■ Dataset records
"""
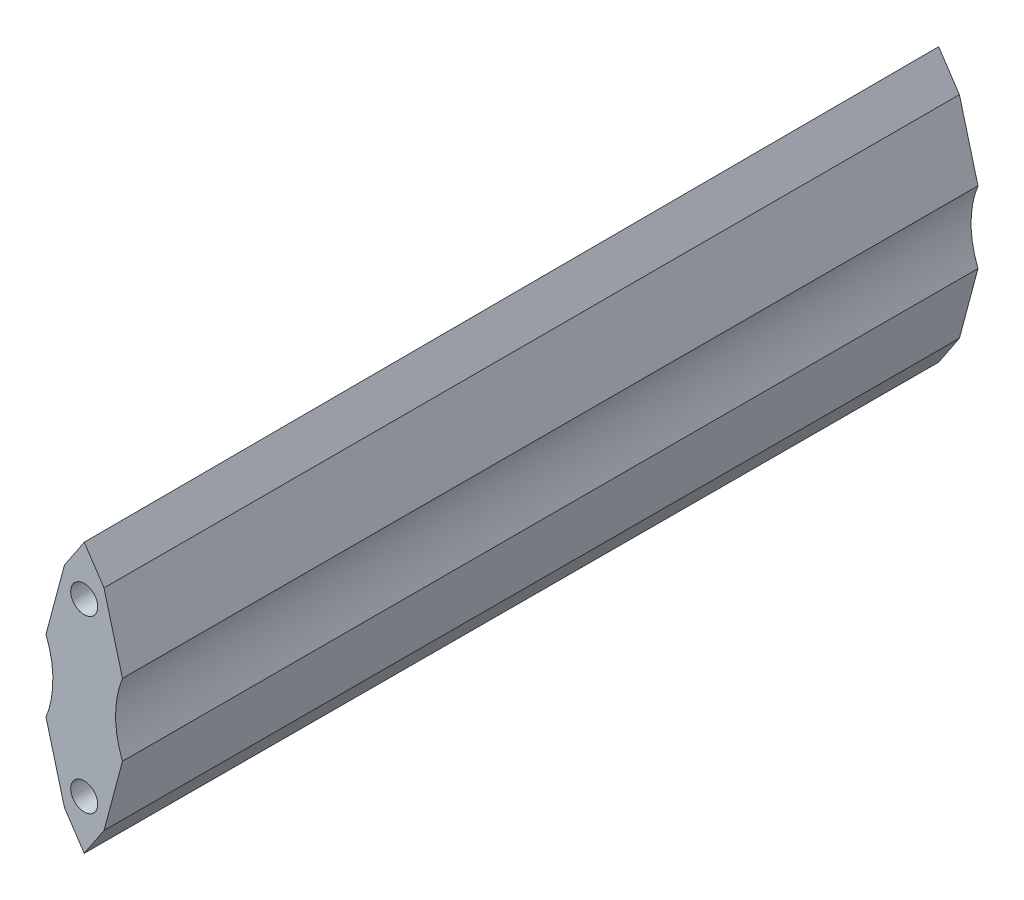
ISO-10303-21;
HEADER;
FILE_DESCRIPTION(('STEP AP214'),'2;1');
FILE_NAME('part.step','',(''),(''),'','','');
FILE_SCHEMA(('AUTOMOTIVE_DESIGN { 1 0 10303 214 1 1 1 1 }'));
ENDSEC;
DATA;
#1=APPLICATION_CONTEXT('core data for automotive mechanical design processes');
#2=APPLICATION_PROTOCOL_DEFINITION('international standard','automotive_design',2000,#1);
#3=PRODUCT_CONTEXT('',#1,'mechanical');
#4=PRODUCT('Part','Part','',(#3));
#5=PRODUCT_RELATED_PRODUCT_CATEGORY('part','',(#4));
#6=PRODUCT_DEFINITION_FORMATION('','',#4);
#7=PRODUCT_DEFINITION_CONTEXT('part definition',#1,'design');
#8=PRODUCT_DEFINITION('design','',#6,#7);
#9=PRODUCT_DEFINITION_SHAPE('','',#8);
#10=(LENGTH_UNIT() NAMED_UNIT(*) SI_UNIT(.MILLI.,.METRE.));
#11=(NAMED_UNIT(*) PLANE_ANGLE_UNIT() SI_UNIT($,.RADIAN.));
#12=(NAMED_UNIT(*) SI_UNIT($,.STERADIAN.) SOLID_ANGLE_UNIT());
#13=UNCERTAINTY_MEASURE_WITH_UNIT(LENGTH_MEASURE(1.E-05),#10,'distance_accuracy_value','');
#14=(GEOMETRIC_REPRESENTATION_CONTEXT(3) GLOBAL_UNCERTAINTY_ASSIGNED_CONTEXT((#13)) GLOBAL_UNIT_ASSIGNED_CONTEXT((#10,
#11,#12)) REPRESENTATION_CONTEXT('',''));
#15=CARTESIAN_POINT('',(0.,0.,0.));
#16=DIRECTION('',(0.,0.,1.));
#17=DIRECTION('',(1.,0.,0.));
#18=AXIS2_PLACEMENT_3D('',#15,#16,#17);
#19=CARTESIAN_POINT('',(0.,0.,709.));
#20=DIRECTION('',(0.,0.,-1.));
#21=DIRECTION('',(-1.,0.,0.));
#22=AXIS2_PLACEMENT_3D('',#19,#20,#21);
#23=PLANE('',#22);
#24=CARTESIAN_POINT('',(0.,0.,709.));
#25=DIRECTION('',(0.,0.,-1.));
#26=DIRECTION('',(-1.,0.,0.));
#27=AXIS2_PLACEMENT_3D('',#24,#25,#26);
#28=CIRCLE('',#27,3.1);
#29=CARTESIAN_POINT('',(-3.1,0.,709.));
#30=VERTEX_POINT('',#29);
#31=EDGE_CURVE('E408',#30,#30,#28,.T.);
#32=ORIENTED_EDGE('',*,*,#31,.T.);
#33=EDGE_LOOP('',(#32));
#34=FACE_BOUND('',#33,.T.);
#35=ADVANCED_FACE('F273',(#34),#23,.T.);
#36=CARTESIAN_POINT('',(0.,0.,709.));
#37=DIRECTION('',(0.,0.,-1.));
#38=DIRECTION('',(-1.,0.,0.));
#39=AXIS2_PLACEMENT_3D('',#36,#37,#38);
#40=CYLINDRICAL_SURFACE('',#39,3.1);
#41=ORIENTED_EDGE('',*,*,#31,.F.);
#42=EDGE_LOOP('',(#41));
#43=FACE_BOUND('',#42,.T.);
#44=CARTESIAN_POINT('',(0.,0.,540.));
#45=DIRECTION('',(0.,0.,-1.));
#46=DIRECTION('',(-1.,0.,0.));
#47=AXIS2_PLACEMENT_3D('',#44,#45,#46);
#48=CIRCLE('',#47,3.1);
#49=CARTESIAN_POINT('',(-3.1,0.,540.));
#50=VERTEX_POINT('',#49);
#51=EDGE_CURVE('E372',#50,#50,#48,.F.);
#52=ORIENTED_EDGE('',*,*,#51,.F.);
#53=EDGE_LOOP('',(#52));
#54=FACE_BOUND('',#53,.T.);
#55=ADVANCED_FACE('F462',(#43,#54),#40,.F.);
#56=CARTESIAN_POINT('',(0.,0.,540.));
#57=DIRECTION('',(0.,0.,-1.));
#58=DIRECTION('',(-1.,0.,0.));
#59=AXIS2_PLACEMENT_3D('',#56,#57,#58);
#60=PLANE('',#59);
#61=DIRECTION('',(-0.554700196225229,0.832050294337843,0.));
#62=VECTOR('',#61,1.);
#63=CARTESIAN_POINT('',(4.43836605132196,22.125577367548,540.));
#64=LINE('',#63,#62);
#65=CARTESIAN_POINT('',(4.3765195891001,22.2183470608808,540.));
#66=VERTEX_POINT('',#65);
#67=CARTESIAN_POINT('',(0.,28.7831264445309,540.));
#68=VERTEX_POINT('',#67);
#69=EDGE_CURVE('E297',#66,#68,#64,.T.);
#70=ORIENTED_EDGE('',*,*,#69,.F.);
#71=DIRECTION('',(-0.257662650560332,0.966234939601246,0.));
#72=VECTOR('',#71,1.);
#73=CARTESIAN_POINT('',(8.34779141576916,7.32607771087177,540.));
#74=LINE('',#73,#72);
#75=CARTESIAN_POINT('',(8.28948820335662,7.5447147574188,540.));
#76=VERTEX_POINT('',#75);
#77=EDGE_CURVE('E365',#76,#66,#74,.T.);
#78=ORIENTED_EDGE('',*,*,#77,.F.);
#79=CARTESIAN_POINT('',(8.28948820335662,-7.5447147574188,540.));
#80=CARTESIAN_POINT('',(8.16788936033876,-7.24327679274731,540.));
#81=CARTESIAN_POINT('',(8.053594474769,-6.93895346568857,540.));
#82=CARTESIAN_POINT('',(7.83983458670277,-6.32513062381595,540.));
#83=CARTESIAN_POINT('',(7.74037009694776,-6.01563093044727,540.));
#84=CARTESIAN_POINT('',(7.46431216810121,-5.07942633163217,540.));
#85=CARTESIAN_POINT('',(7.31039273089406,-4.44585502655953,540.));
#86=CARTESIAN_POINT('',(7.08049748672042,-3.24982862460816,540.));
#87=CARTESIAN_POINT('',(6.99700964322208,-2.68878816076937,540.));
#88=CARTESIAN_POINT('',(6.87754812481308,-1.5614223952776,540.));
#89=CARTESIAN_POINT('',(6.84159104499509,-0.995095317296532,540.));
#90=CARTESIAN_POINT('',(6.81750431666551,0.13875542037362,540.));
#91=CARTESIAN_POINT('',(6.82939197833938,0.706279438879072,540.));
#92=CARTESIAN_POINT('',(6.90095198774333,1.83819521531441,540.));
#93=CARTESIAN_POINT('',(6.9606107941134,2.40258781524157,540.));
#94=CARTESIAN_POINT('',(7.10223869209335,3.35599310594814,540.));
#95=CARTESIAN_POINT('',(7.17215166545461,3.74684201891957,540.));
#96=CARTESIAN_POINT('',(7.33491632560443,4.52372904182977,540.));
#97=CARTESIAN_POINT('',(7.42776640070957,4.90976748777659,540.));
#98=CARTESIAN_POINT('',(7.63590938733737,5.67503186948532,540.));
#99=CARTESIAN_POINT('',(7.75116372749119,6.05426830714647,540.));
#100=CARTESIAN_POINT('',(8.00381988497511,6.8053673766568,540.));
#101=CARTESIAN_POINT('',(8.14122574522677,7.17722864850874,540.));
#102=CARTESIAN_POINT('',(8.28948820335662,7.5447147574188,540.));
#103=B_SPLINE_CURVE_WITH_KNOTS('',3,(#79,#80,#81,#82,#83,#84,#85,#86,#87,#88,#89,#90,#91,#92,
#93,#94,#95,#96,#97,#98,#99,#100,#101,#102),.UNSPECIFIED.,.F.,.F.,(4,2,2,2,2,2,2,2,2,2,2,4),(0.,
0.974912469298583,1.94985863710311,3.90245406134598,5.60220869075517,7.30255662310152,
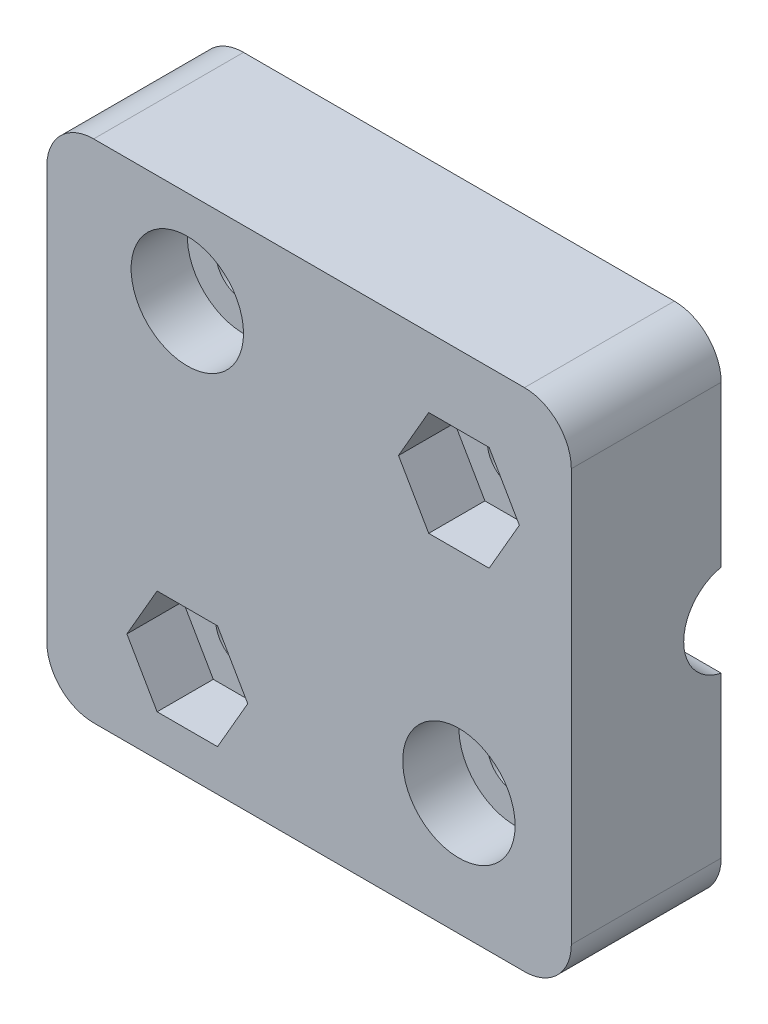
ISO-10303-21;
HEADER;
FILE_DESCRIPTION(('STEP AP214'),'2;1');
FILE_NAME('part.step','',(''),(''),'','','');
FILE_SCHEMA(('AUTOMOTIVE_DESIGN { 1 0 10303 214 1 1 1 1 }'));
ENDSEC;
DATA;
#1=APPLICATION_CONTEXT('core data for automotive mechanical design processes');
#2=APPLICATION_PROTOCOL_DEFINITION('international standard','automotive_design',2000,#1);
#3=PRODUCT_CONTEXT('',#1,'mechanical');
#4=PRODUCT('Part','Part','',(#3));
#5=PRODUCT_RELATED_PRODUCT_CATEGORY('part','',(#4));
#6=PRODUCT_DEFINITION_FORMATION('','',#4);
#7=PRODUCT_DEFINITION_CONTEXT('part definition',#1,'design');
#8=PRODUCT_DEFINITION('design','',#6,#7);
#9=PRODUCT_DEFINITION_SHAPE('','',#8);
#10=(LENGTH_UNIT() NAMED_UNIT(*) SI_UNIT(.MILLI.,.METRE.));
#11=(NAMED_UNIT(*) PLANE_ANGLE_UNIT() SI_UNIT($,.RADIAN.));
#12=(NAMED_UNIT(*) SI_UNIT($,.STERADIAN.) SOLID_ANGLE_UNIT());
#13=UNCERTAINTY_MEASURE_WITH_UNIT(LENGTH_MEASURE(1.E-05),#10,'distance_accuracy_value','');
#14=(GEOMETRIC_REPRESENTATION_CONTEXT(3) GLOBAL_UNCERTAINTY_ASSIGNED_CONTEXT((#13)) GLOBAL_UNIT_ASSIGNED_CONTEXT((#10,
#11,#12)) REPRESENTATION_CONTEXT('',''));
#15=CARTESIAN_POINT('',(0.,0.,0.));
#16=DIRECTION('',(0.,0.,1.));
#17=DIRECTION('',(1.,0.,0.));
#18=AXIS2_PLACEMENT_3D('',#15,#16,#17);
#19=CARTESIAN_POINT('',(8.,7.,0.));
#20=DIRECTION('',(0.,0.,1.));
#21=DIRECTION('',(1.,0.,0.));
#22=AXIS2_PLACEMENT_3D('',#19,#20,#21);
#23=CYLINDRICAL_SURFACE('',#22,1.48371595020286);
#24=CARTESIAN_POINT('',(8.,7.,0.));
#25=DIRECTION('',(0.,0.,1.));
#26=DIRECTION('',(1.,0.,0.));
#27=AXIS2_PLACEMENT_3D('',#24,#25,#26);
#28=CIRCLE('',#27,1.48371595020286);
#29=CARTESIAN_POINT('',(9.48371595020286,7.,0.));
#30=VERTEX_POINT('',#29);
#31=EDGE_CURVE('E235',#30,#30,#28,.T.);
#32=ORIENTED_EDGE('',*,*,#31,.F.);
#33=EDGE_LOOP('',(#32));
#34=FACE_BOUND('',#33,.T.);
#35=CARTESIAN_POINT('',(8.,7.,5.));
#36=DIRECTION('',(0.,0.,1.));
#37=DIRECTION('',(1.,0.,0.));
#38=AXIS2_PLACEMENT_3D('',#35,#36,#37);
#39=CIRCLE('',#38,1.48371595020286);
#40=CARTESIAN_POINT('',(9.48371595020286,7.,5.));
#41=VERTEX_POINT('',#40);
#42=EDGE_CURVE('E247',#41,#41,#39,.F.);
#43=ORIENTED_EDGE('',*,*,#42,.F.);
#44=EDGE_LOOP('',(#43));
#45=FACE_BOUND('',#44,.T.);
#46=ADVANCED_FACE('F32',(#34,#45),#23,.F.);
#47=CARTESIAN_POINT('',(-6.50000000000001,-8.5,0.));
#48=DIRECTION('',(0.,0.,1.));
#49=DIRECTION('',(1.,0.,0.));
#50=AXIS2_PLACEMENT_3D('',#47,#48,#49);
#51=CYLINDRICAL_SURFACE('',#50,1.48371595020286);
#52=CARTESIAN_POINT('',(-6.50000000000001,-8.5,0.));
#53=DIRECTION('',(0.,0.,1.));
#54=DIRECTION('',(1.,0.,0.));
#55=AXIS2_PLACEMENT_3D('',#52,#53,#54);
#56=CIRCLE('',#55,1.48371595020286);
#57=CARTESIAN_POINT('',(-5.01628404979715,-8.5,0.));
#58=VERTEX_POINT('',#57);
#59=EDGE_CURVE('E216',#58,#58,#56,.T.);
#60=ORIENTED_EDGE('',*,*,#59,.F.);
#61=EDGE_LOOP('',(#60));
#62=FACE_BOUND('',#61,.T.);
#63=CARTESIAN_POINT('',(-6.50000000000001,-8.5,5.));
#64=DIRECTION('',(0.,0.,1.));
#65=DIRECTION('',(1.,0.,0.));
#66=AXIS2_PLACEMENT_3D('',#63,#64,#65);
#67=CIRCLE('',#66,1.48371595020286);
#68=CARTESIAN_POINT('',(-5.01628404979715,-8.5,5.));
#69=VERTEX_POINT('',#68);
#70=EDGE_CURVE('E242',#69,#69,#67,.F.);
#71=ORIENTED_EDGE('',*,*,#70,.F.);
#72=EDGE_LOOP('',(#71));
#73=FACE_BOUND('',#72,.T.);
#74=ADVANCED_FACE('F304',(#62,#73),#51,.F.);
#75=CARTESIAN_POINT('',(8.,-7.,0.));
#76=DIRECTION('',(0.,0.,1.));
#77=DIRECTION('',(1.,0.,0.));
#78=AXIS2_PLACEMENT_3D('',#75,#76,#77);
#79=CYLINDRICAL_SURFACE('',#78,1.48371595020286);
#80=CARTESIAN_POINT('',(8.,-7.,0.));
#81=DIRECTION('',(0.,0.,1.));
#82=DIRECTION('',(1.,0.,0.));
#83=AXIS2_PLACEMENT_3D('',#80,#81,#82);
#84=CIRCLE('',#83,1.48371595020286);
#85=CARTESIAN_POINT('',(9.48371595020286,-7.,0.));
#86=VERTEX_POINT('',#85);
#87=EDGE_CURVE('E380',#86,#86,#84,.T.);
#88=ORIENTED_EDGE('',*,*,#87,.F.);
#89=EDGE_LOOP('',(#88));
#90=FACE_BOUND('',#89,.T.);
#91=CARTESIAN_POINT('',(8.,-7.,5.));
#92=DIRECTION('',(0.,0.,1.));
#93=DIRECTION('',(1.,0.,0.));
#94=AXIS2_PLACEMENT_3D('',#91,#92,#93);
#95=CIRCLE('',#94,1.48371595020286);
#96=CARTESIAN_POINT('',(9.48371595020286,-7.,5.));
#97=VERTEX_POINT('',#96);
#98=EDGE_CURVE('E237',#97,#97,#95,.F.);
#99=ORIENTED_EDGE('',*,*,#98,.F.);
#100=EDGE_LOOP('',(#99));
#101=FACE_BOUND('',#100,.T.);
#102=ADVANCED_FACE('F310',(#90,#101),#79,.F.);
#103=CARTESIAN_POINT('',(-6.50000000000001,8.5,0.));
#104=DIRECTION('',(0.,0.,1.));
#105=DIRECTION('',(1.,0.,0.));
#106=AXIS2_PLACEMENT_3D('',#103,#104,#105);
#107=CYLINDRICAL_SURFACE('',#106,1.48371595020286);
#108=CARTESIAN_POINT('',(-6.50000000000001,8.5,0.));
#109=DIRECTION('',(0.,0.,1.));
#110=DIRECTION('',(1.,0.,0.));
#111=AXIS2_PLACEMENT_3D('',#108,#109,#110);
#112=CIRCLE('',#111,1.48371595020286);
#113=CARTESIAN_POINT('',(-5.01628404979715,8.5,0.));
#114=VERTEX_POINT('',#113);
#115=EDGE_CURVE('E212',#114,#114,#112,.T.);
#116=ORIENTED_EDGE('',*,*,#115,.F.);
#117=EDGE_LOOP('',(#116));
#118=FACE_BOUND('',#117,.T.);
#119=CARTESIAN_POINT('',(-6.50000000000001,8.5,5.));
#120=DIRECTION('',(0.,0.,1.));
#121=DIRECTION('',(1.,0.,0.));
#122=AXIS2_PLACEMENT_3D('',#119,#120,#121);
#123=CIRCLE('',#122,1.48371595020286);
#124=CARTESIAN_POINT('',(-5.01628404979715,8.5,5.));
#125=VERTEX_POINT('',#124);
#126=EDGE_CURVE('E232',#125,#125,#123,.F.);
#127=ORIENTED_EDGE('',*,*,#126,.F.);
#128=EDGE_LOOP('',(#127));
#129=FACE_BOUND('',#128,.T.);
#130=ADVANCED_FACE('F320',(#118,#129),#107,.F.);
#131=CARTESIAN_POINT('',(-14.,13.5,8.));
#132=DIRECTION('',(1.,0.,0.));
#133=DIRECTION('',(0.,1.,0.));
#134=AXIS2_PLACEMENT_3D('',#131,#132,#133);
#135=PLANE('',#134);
"""
■ What you need to do
Reproduce the lines of the entries above from the one with "#47=CARTESIAN_POINT('',(-6.50000000000001,-8.5,0.));" to the one with "#53=DIRECTION('',(0.,0.,1.));", both included, exactly and without any other line.

■ Solution for this task
#47=CARTESIAN_POINT('',(-6.50000000000001,-8.5,0.));
#48=DIRECTION('',(0.,0.,1.));
#49=DIRECTION('',(1.,0.,0.));
#50=AXIS2_PLACEMENT_3D('',#47,#48,#49);
#51=CYLINDRICAL_SURFACE('',#50,1.48371595020286);
#52=CARTESIAN_POINT('',(-6.50000000000001,-8.5,0.));
#53=DIRECTION('',(0.,0.,1.));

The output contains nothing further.